┌────────
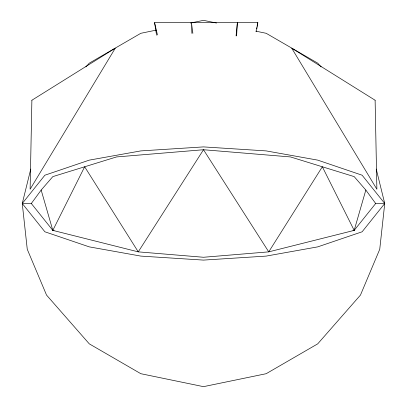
<?xml version="1.0" encoding="UTF-8"?>
<svg xmlns="http://www.w3.org/2000/svg" width="407" height="407" viewBox="0 0 407 407"><rect width="100%" height="100%" fill="white"/><g stroke="black" fill="none" stroke-linecap="round" stroke-linejoin="round"><path stroke-width="0.61" d="M236.604 35.913L237.367 22.609L236.075 35.872M376.236 169.083L384.742 203.5L379.741 249.288L360.465 295.075L317.719 343.849L266.178 373.702L203.5 386.65L140.822 373.702L89.281 343.849L46.535 295.075L27.259 249.288L22.258 203.5L30.764 169.083M256.405 31.395L257.824 22.609L154.558 22.609L156.583 35.16M256.568 28.826L256.822 27.584M257.071 26.338L257.824 22.609M352.95 230.159L354.182 230.382L365.837 190.059L354.182 176.618L290.496 156.939L203.5 149.735L116.504 156.939L52.818 176.618L41.163 190.059L31.319 203.5L52.818 230.382L138.253 251.862L203.5 257.265L268.747 251.862L354.182 230.382L375.681 203.5L365.837 190.059M54.05 230.159L52.818 230.382L84.661 166.778L138.253 251.862L203.5 149.735L268.747 251.862L322.339 166.778L354.182 230.382M22.258 203.5L44.887 175.203L89.281 160.129L140.822 150.905L203.5 146.902L266.178 150.905L317.719 160.129L362.113 175.203L384.742 203.5L362.113 231.797L317.719 246.871L266.178 256.095L203.5 260.098L140.822 256.095L89.281 246.871L44.887 231.797L22.258 203.5L31.777 203.5M85.867 66.901L89.281 63.151L140.822 33.298L156.334 30.093M190.466 23.041L203.5 20.35L216.534 23.041M375.223 203.5L384.742 203.5M255.632 31.115L266.178 33.298L317.719 63.151L321.133 66.901M41.163 190.059L52.818 230.382M154.558 22.609L157.448 34.961M192.872 33.313L191.412 22.609L191.911 33.379M31.888 100.234L30.118 189.235L115.308 48.148L31.888 100.234M375.112 100.234L291.692 48.148L376.882 189.235L375.112 100.234"/></g></svg>
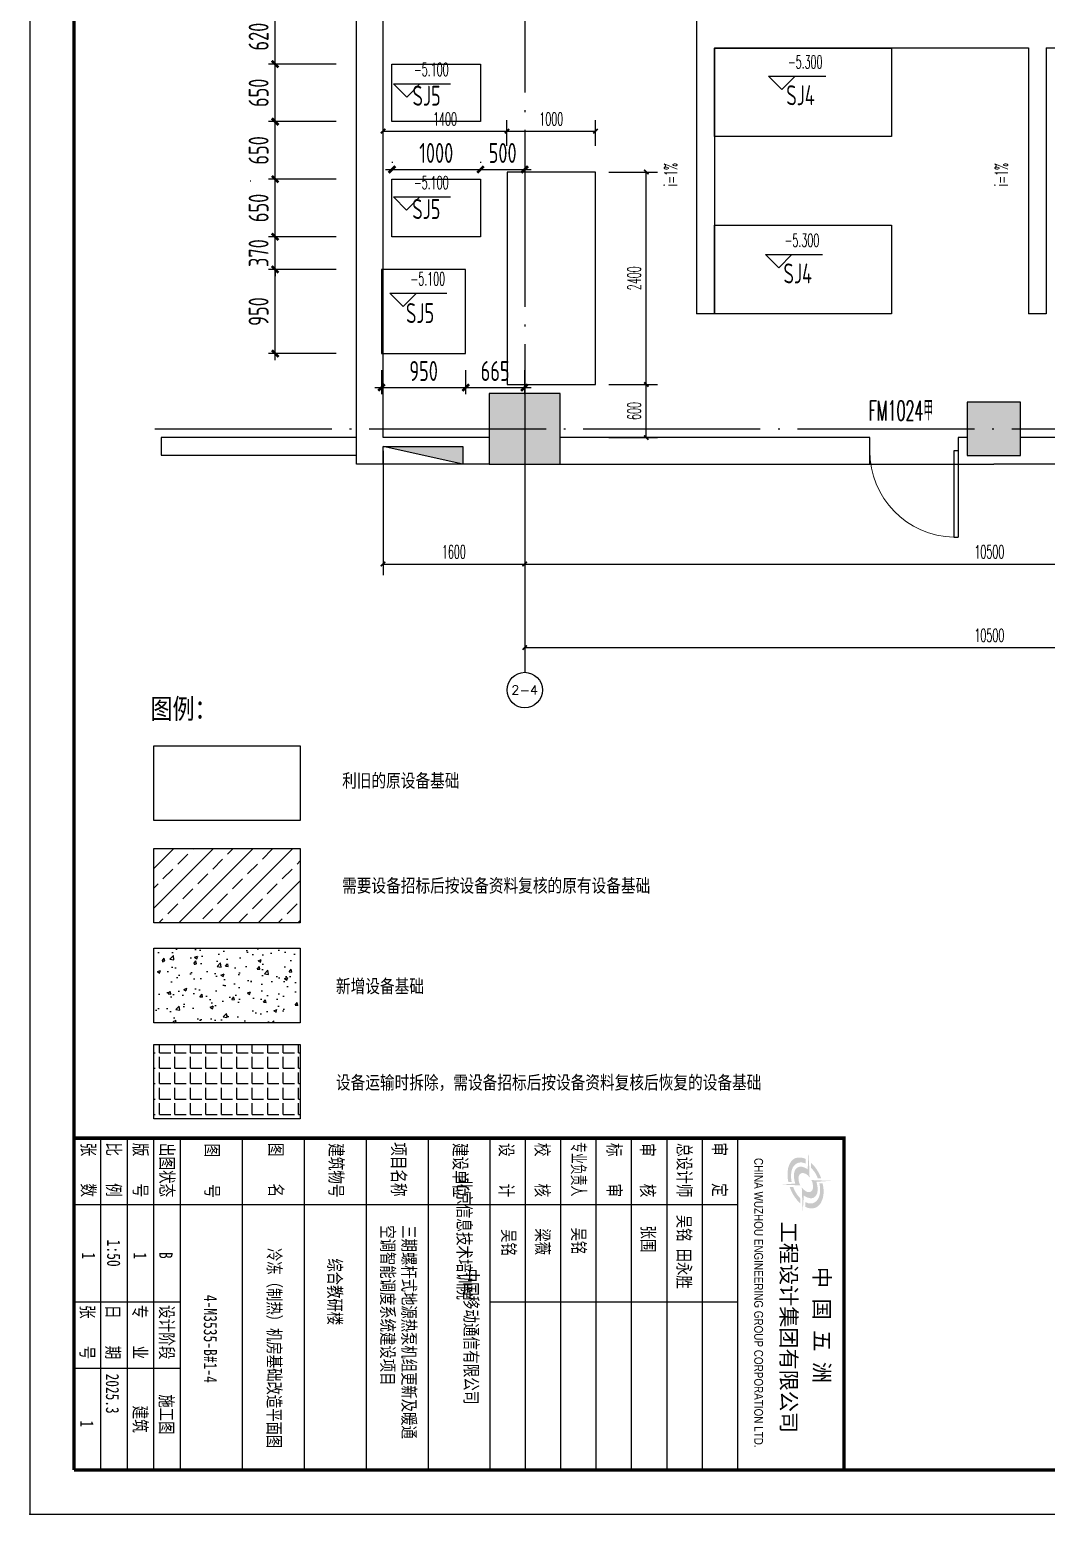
# Model space of a CAD drawing. Extents: x 917265 to 982035, y 334257 to 376307.
# Drawn here: x 952335 to 963820, y 334257 to 351027 of the extents above; entities that cross this region are included whole.
import ezdxf
from ezdxf.enums import TextEntityAlignment as Align

# ---------------------------------------------------------------- set-up
doc = ezdxf.new("R2010")
doc.units = 0
doc.header["$LTSCALE"] = 1000
doc.linetypes.add('DOTE', pattern=[2.42, 2, -0.2, 0.02, -0.2])
for name, color, linetype in [('ACS_COM', 7, 'Continuous'), ('AXIS', 3, 'Continuous'), ('AXIS_TEXT', 7, 'Continuous'), ('C_BLOCK_', 7, 'Continuous'), ('COLUMN', 9, 'Continuous'), ('DIM_ELEV', 3, 'Continuous'), ('DIM_SYMB', 3, 'Continuous'), ('DOTE', 1, 'Continuous'), ('PUB_DIM', 3, 'Continuous'), ('PUB_HATCH', 8, 'Continuous'), ('PUB_TEXT', 7, 'Continuous'), ('PUB_TITLE', 4, 'Continuous'), ('WALL', 255, 'Continuous'), ('WINDOW', 2, 'Continuous'), ('消火栓', 6, 'Continuous'), ('设备基础及留洞', 7, 'Continuous')]:
    doc.layers.add(name, color=color, linetype=linetype)
doc.layers.add('line', color=7, linetype='Continuous', lineweight=50)
doc.styles.add('-宋体', font='', dxfattribs={"width": 0.8})
doc.styles.add('_TCH_AXIS', font='COMPLEX', dxfattribs={"bigfont": 'GBCBIG'})
doc.styles.add('_TCH_DIM', font='SIMPLEX.shx', dxfattribs={"width": 0.75, "bigfont": 'GBCBIG.shx'})
doc.styles.add('_TCH_DIM_T3', font='SIMPLEX.shx', dxfattribs={"width": 0.529412, "bigfont": 'GBCBIG.shx'})
doc.styles.add('BZTK_仿宋GB2312', font='SIMFANG_0.TTF', dxfattribs={"width": 0.75})
doc.styles.add('TSSD_DIMENSION_T3', font='Tssdeng.shx', dxfattribs={"width": 0.7, "bigfont": 'hztxt.shx'})
doc.styles.add('TSSD_Rein', font='Tssdeng.shx', dxfattribs={"width": 0.7, "bigfont": 'hztxt.shx'})
doc.styles.add('WZEDRI_STYLE1', font='SIMFANG_0.TTF', dxfattribs={"width": 0.75})
doc.styles.add('WZEDRI_STYLE2', font='arial.ttf', dxfattribs={"width": 0.65})
doc.styles.add('轴网图框300$0$BZTK_仿宋GB2312', font='', dxfattribs={"width": 0.75})
doc.styles.get('-宋体').set_extended_font_data('SimSun')
doc.styles.get('轴网图框300$0$BZTK_仿宋GB2312').set_extended_font_data('SimSun')
doc.dimstyles.new('_TCH_ARCH&&50', dxfattribs={"dimtxt": 148.75, "dimasz": 50, "dimexe": 125, "dimexo": 150, "dimgap": 63.125, "dimtad": 1, "dimdec": 0, "dimzin": 0, "dimdsep": 46, "dimtxsty": '_TCH_DIM_T3', "dimblk": 'ARCHTICK', "dimcen": 0.09, "dimclrt": 7, "dimazin": 2, "dimtfac": 1, "dimtdec": 0, "dimtix": 1, "dimtmove": 2, "dimatfit": 3, "dimfxl": 1, "dimtolj": 1, "dimtzin": 0, "dimarcsym": 0})
doc.dimstyles.new('TSSD_150_150$TCH&&50', dxfattribs={"dimtxt": 225, "dimasz": 75, "dimexe": 75, "dimexo": 187.5, "dimgap": 75, "dimtad": 1, "dimdec": 0, "dimzin": 0, "dimdsep": 46, "dimtxsty": 'TSSD_DIMENSION_T3', "dimblk": 'ARCHTICK', "dimcen": 0, "dimdle": 75, "dimclrt": 7, "dimadec": 0, "dimazin": 0, "dimtfac": 1, "dimtdec": 0, "dimtix": 1, "dimtmove": 2, "dimatfit": 3, "dimfxl": 1, "dimtolj": 1, "dimtzin": 0, "dimarcsym": 0})

# ---------------------------------------------------------------- blocks, each defined once
blk = doc.blocks.new('消火栓')
at = {"layer": '消火栓'}
blk.add_hatch(color=256, dxfattribs=at).paths.add_polyline_path([(743316, -12254), (742416, -12254), (742416, -12454)])
blk.add_line((742416, -12454), (743316, -12254), dxfattribs=at)
blk.add_lwpolyline([(742416, -12454), (743316, -12454), (743316, -12254), (742416, -12254)], close=True, dxfattribs=at)
blk = doc.blocks.new('$DorLib2D$00000001')
at = {"color": 30}
for p, q in [((0.45, 0.975), (0.5, 0.975)), ((0.45, 0), (0.45, 0.975)), ((0.5, 0), (0.5, 0.975)), ((0.5, 0), (0.45, 0))]:
    blk.add_line(p, q, dxfattribs=at)
at = {"color": 30, "lineweight": 13}
blk.add_arc((0.475, 0), 0.975, 91.4693, 180, dxfattribs=at)
blk = doc.blocks.new('_ArchTick')
at = {"color": 0, "linetype": 'ByBlock', "const_width": 0.4}
blk.add_lwpolyline([(-0.5, -0.5), (0.5, 0.5)], dxfattribs=at)
blk = doc.blocks.new('*D113')
at = {"layer": 'Defpoints', "color": 0, "transparency": 16777216}
for p in [(3524, 2106), (4189, 2106), (4189, 1722)]:
    blk.add_point(p, dxfattribs=at)
at = {"layer": '设备基础及留洞', "color": 0, "lineweight": -2, "transparency": 16777216}
for p, q in [((3524, 1918), (3524, 1647)), ((4189, 1918), (4189, 1647)), ((3449, 1722), (4264, 1722))]:
    blk.add_line(p, q, dxfattribs=at)
at = {"layer": '设备基础及留洞', "color": 0, "lineweight": -2, "transparency": 16777216, "xscale": 75, "yscale": 75, "zscale": 75, "rotation": 180}
blk.add_blockref('_ArchTick', (3524, 1722), dxfattribs=at)
at = {"layer": '设备基础及留洞', "color": 0, "lineweight": -2, "transparency": 16777216, "xscale": 75, "yscale": 75, "zscale": 75}
blk.add_blockref('_ArchTick', (4189, 1722), dxfattribs=at)
at = {"layer": '设备基础及留洞', "color": 7, "transparency": 16777216, "insert": (3857, 1909), "char_height": 225, "attachment_point": 5, "style": 'TSSD_DIMENSION_T3'}
blk.add_mtext('\\A1;665', dxfattribs=at)
blk = doc.blocks.new('*D114')
at = {"layer": 'Defpoints', "color": 0, "transparency": 16777216}
for p in [(2574, 2106), (3524, 2106), (3524, 1722)]:
    blk.add_point(p, dxfattribs=at)
at = {"layer": '设备基础及留洞', "color": 0, "lineweight": -2, "transparency": 16777216}
for p, q in [((2574, 1918), (2574, 1647)), ((3524, 1918), (3524, 1647)), ((2499, 1722), (3599, 1722))]:
    blk.add_line(p, q, dxfattribs=at)
at = {"layer": '设备基础及留洞', "color": 0, "lineweight": -2, "transparency": 16777216, "xscale": 75, "yscale": 75, "zscale": 75, "rotation": 180}
blk.add_blockref('_ArchTick', (2574, 1722), dxfattribs=at)
at = {"layer": '设备基础及留洞', "color": 0, "lineweight": -2, "transparency": 16777216, "xscale": 75, "yscale": 75, "zscale": 75}
blk.add_blockref('_ArchTick', (3524, 1722), dxfattribs=at)
at = {"layer": '设备基础及留洞', "color": 7, "transparency": 16777216, "insert": (3049, 1909), "char_height": 225, "attachment_point": 5, "style": 'TSSD_DIMENSION_T3'}
blk.add_mtext('\\A1;950', dxfattribs=at)
blk = doc.blocks.new('*D115')
at = {"layer": 'Defpoints', "color": 0, "transparency": 16777216}
for p in [(3692, 4086), (4191, 4185), (4191, 4086)]:
    blk.add_point(p, dxfattribs=at)
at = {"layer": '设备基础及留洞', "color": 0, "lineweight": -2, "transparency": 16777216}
└────────
### Exercise requirements
Copy all lines above containing the string "blocks".

### Reply to the exercise
# ---------------------------------------------------------------- blocks, each defined once
blk = doc.blocks.new('消火栓')
blk = doc.blocks.new('$DorLib2D$00000001')
blk = doc.blocks.new('_ArchTick')
blk = doc.blocks.new('*D113')
blk = doc.blocks.new('*D114')
blk = doc.blocks.new('*D115')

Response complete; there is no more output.